Villaplane was in the midst of all this, calm and smiling. Cheerful, almost invigorated."

On 11 June 1944, the Brigade captured 11 resistance fighters in Mussidan. Villaplane urged each of them that they did not have to die, that they could save themselves - in return for 200,000 francs (equivalent to roughly €4.5m in 2018). None of the poor fighters could even come close, and they were marched into a ditch and shot. Villaplane gave the kill order, as well as pulling the trigger on one of his victims himself.

Despite the best efforts of the gang, the resistance in France was only growing stronger. Villaplane, realising that he was on the wrong side, began to cultivate the image of a man who was only following orders; who was just another prisoner of the Nazis. As the prosecutor at his trial recounted, this façade was undermined by his uncontrollable greed.

“I would say, having studied his file, that he is a con-man, a born con-man,” the prosecutor said. “Con-men have a sense that is indispensable to their trade: the sense for putting on a show.”

“This is necessary for blinding their victims and getting them to give up what they want. He used it to commit the worst form of blackmail – the blackmailing of hope.”

“[A witness described him] arriving in a village in a German car and wailing the following: 'Oh, in what times we live! Oh, ours is a terrible era! To what harsh extremes I am reduced, me, a Frenchman compelled to wear a German uniform! … Have you seen, my brave people, what terrible atrocities these savages have committed?

“‘I cannot be held responsible for them, I am not their master. They are going to kill you. But I will try to save you at the risk of my own life. I've already saved many people. Fifty-four, to be precise. You will be the 55th. If you give me 400,000 francs.'"

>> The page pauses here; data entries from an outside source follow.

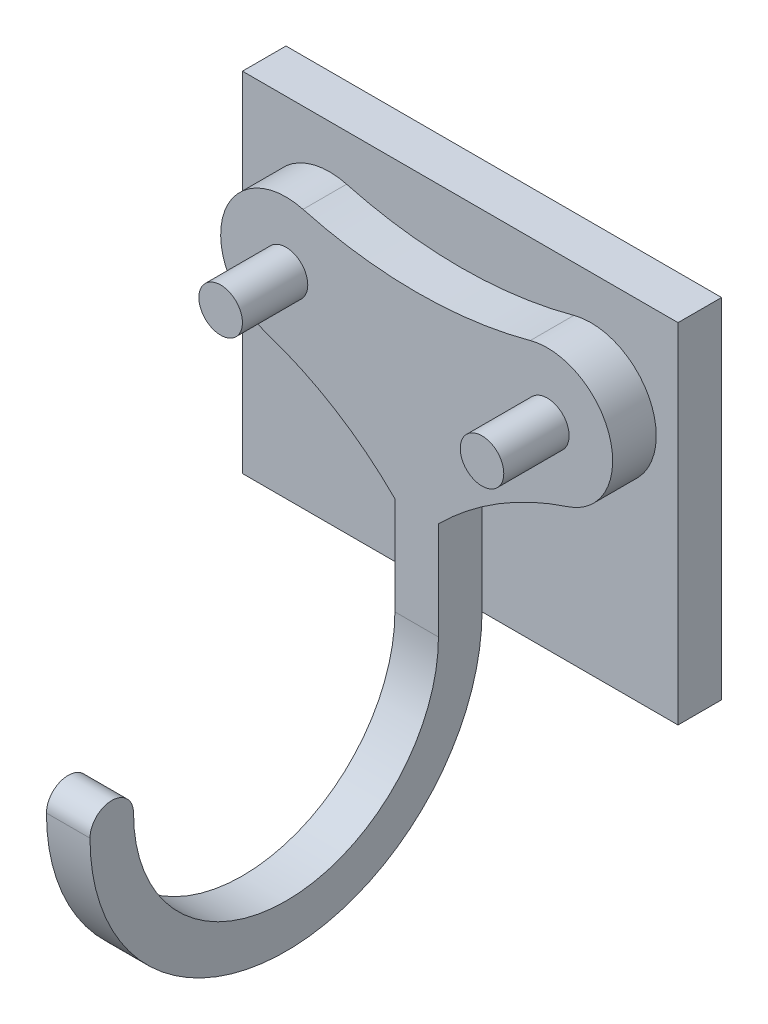
ISO-10303-21;
HEADER;
FILE_DESCRIPTION(('STEP AP214'),'2;1');
FILE_NAME('part.step','',(''),(''),'','','');
FILE_SCHEMA(('AUTOMOTIVE_DESIGN { 1 0 10303 214 1 1 1 1 }'));
ENDSEC;
DATA;
#1=APPLICATION_CONTEXT('core data for automotive mechanical design processes');
#2=APPLICATION_PROTOCOL_DEFINITION('international standard','automotive_design',2000,#1);
#3=PRODUCT_CONTEXT('',#1,'mechanical');
#4=PRODUCT('Part','Part','',(#3));
#5=PRODUCT_RELATED_PRODUCT_CATEGORY('part','',(#4));
#6=PRODUCT_DEFINITION_FORMATION('','',#4);
#7=PRODUCT_DEFINITION_CONTEXT('part definition',#1,'design');
#8=PRODUCT_DEFINITION('design','',#6,#7);
#9=PRODUCT_DEFINITION_SHAPE('','',#8);
#10=(LENGTH_UNIT() NAMED_UNIT(*) SI_UNIT(.MILLI.,.METRE.));
#11=(NAMED_UNIT(*) PLANE_ANGLE_UNIT() SI_UNIT($,.RADIAN.));
#12=(NAMED_UNIT(*) SI_UNIT($,.STERADIAN.) SOLID_ANGLE_UNIT());
#13=UNCERTAINTY_MEASURE_WITH_UNIT(LENGTH_MEASURE(1.E-05),#10,'distance_accuracy_value','');
#14=(GEOMETRIC_REPRESENTATION_CONTEXT(3) GLOBAL_UNCERTAINTY_ASSIGNED_CONTEXT((#13)) GLOBAL_UNIT_ASSIGNED_CONTEXT((#10,
#11,#12)) REPRESENTATION_CONTEXT('',''));
#15=CARTESIAN_POINT('',(0.,0.,0.));
#16=DIRECTION('',(0.,0.,1.));
#17=DIRECTION('',(1.,0.,0.));
#18=AXIS2_PLACEMENT_3D('',#15,#16,#17);
#19=CARTESIAN_POINT('',(-10.,8.,2.));
#20=DIRECTION('',(1.,0.,0.));
#21=DIRECTION('',(0.,0.,-1.));
#22=AXIS2_PLACEMENT_3D('',#19,#20,#21);
#23=PLANE('',#22);
#24=DIRECTION('',(0.,-1.,0.));
#25=VECTOR('',#24,1.);
#26=CARTESIAN_POINT('',(-10.,8.,0.));
#27=LINE('',#26,#25);
#28=CARTESIAN_POINT('',(-10.,8.,0.));
#29=VERTEX_POINT('',#28);
#30=CARTESIAN_POINT('',(-10.,-8.,0.));
#31=VERTEX_POINT('',#30);
#32=EDGE_CURVE('E279',#29,#31,#27,.T.);
#33=ORIENTED_EDGE('',*,*,#32,.T.);
#34=DIRECTION('',(0.,0.,-1.));
#35=VECTOR('',#34,1.);
#36=CARTESIAN_POINT('',(-10.,-8.,2.));
#37=LINE('',#36,#35);
#38=CARTESIAN_POINT('',(-10.,-8.,2.));
#39=VERTEX_POINT('',#38);
#40=EDGE_CURVE('E11',#39,#31,#37,.T.);
#41=ORIENTED_EDGE('',*,*,#40,.F.);
#42=DIRECTION('',(0.,-1.,0.));
#43=VECTOR('',#42,1.);
#44=CARTESIAN_POINT('',(-10.,8.,2.));
#45=LINE('',#44,#43);
#46=CARTESIAN_POINT('',(-10.,8.,2.));
#47=VERTEX_POINT('',#46);
#48=EDGE_CURVE('E280',#47,#39,#45,.T.);
#49=ORIENTED_EDGE('',*,*,#48,.F.);
#50=DIRECTION('',(0.,0.,-1.));
#51=VECTOR('',#50,1.);
#52=CARTESIAN_POINT('',(-10.,8.,2.));
#53=LINE('',#52,#51);
#54=EDGE_CURVE('E298',#47,#29,#53,.T.);
#55=ORIENTED_EDGE('',*,*,#54,.T.);
#56=EDGE_LOOP('',(#33,#41,#49,#55));
#57=FACE_BOUND('',#56,.T.);
#58=ADVANCED_FACE('F45',(#57),#23,.F.);
#59=CARTESIAN_POINT('',(-10.,-8.,2.));
#60=DIRECTION('',(0.,1.,0.));
#61=DIRECTION('',(0.,0.,1.));
#62=AXIS2_PLACEMENT_3D('',#59,#60,#61);
#63=PLANE('',#62);
#64=DIRECTION('',(1.,0.,0.));
#65=VECTOR('',#64,1.);
#66=CARTESIAN_POINT('',(-10.,-8.,2.));
#67=LINE('',#66,#65);
#68=CARTESIAN_POINT('',(1.,-8.,2.));
#69=VERTEX_POINT('',#68);
#70=CARTESIAN_POINT('',(10.,-8.,2.));
#71=VERTEX_POINT('',#70);
#72=EDGE_CURVE('E284',#69,#71,#67,.T.);
#73=ORIENTED_EDGE('',*,*,#72,.F.);
#74=DIRECTION('',(-1.,0.,0.));
#75=VECTOR('',#74,1.);
#76=CARTESIAN_POINT('',(1.,-8.,2.));
#77=LINE('',#76,#75);
#78=CARTESIAN_POINT('',(-1.,-8.,2.));
#79=VERTEX_POINT('',#78);
#80=EDGE_CURVE('E156',#69,#79,#77,.T.);
#81=ORIENTED_EDGE('',*,*,#80,.T.);
#82=EDGE_CURVE('E286',#39,#79,#67,.T.);
#83=ORIENTED_EDGE('',*,*,#82,.F.);
#84=ORIENTED_EDGE('',*,*,#40,.T.);
#85=DIRECTION('',(1.,0.,0.));
#86=VECTOR('',#85,1.);
#87=CARTESIAN_POINT('',(-10.,-8.,0.));
#88=LINE('',#87,#86);
#89=CARTESIAN_POINT('',(10.,-8.,0.));
#90=VERTEX_POINT('',#89);
#91=EDGE_CURVE('E302',#31,#90,#88,.T.);
#92=ORIENTED_EDGE('',*,*,#91,.T.);
#93=DIRECTION('',(0.,0.,-1.));
#94=VECTOR('',#93,1.);
#95=CARTESIAN_POINT('',(10.,-8.,2.));
#96=LINE('',#95,#94);
#97=EDGE_CURVE('E53',#71,#90,#96,.T.);
#98=ORIENTED_EDGE('',*,*,#97,.F.);
#99=EDGE_LOOP('',(#73,#81,#83,#84,#92,#98));
#100=FACE_BOUND('',#99,.T.);
#101=ADVANCED_FACE('F325',(#100),#63,.F.);
#102=CARTESIAN_POINT('',(10.,8.,2.));
#103=DIRECTION('',(1.,0.,0.));
#104=DIRECTION('',(0.,1.,0.));
#105=AXIS2_PLACEMENT_3D('',#102,#103,#104);
#106=PLANE('',#105);
#107=DIRECTION('',(0.,-1.,0.));
#108=VECTOR('',#107,1.);
#109=CARTESIAN_POINT('',(10.,8.,0.));
#110=LINE('',#109,#108);
#111=CARTESIAN_POINT('',(10.,8.,0.));
#112=VERTEX_POINT('',#111);
#113=EDGE_CURVE('E306',#112,#90,#110,.T.);
#114=ORIENTED_EDGE('',*,*,#113,.F.);
#115=DIRECTION('',(0.,0.,-1.));
#116=VECTOR('',#115,1.);
#117=CARTESIAN_POINT('',(10.,8.,2.));
#118=LINE('',#117,#116);
#119=CARTESIAN_POINT('',(10.,8.,2.));
#120=VERTEX_POINT('',#119);
#121=EDGE_CURVE('E315',#120,#112,#118,.T.);
#122=ORIENTED_EDGE('',*,*,#121,.F.);
#123=DIRECTION('',(0.,-1.,0.));
#124=VECTOR('',#123,1.);
#125=CARTESIAN_POINT('',(10.,8.,2.));
#126=LINE('',#125,#124);
#127=EDGE_CURVE('E290',#120,#71,#126,.T.);
#128=ORIENTED_EDGE('',*,*,#127,.T.);
#129=ORIENTED_EDGE('',*,*,#97,.T.);
#130=EDGE_LOOP('',(#114,#122,#128,#129));
#131=FACE_BOUND('',#130,.T.);
#132=ADVANCED_FACE('F321',(#131),#106,.T.);
#133=CARTESIAN_POINT('',(-10.,8.,2.));
#134=DIRECTION('',(0.,1.,0.));
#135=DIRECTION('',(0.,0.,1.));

Paris was liberated on 25 August 1944, and the surviving members of the Carllingue, including the BNA, were rounded up. It is extraordinary in retrospect that Villaplane was put on trial instead of being lynched, as were many Nazi collaborators. The scale and nature of his horrific crimes meant that his trial held no prospect of redemption; his football career was forgotten. It stands as a permanent record of his greed and cruelty.

On Boxing Day 1944, Villaplane, Lafont, and several other members of the Carlingue were taken to Fort de Montrouge on the outskirts of the capital city, and shot by a firing squad. Today, the man who led France out in the first ever World Cup match is buried in an unmarked grave in an unknown location.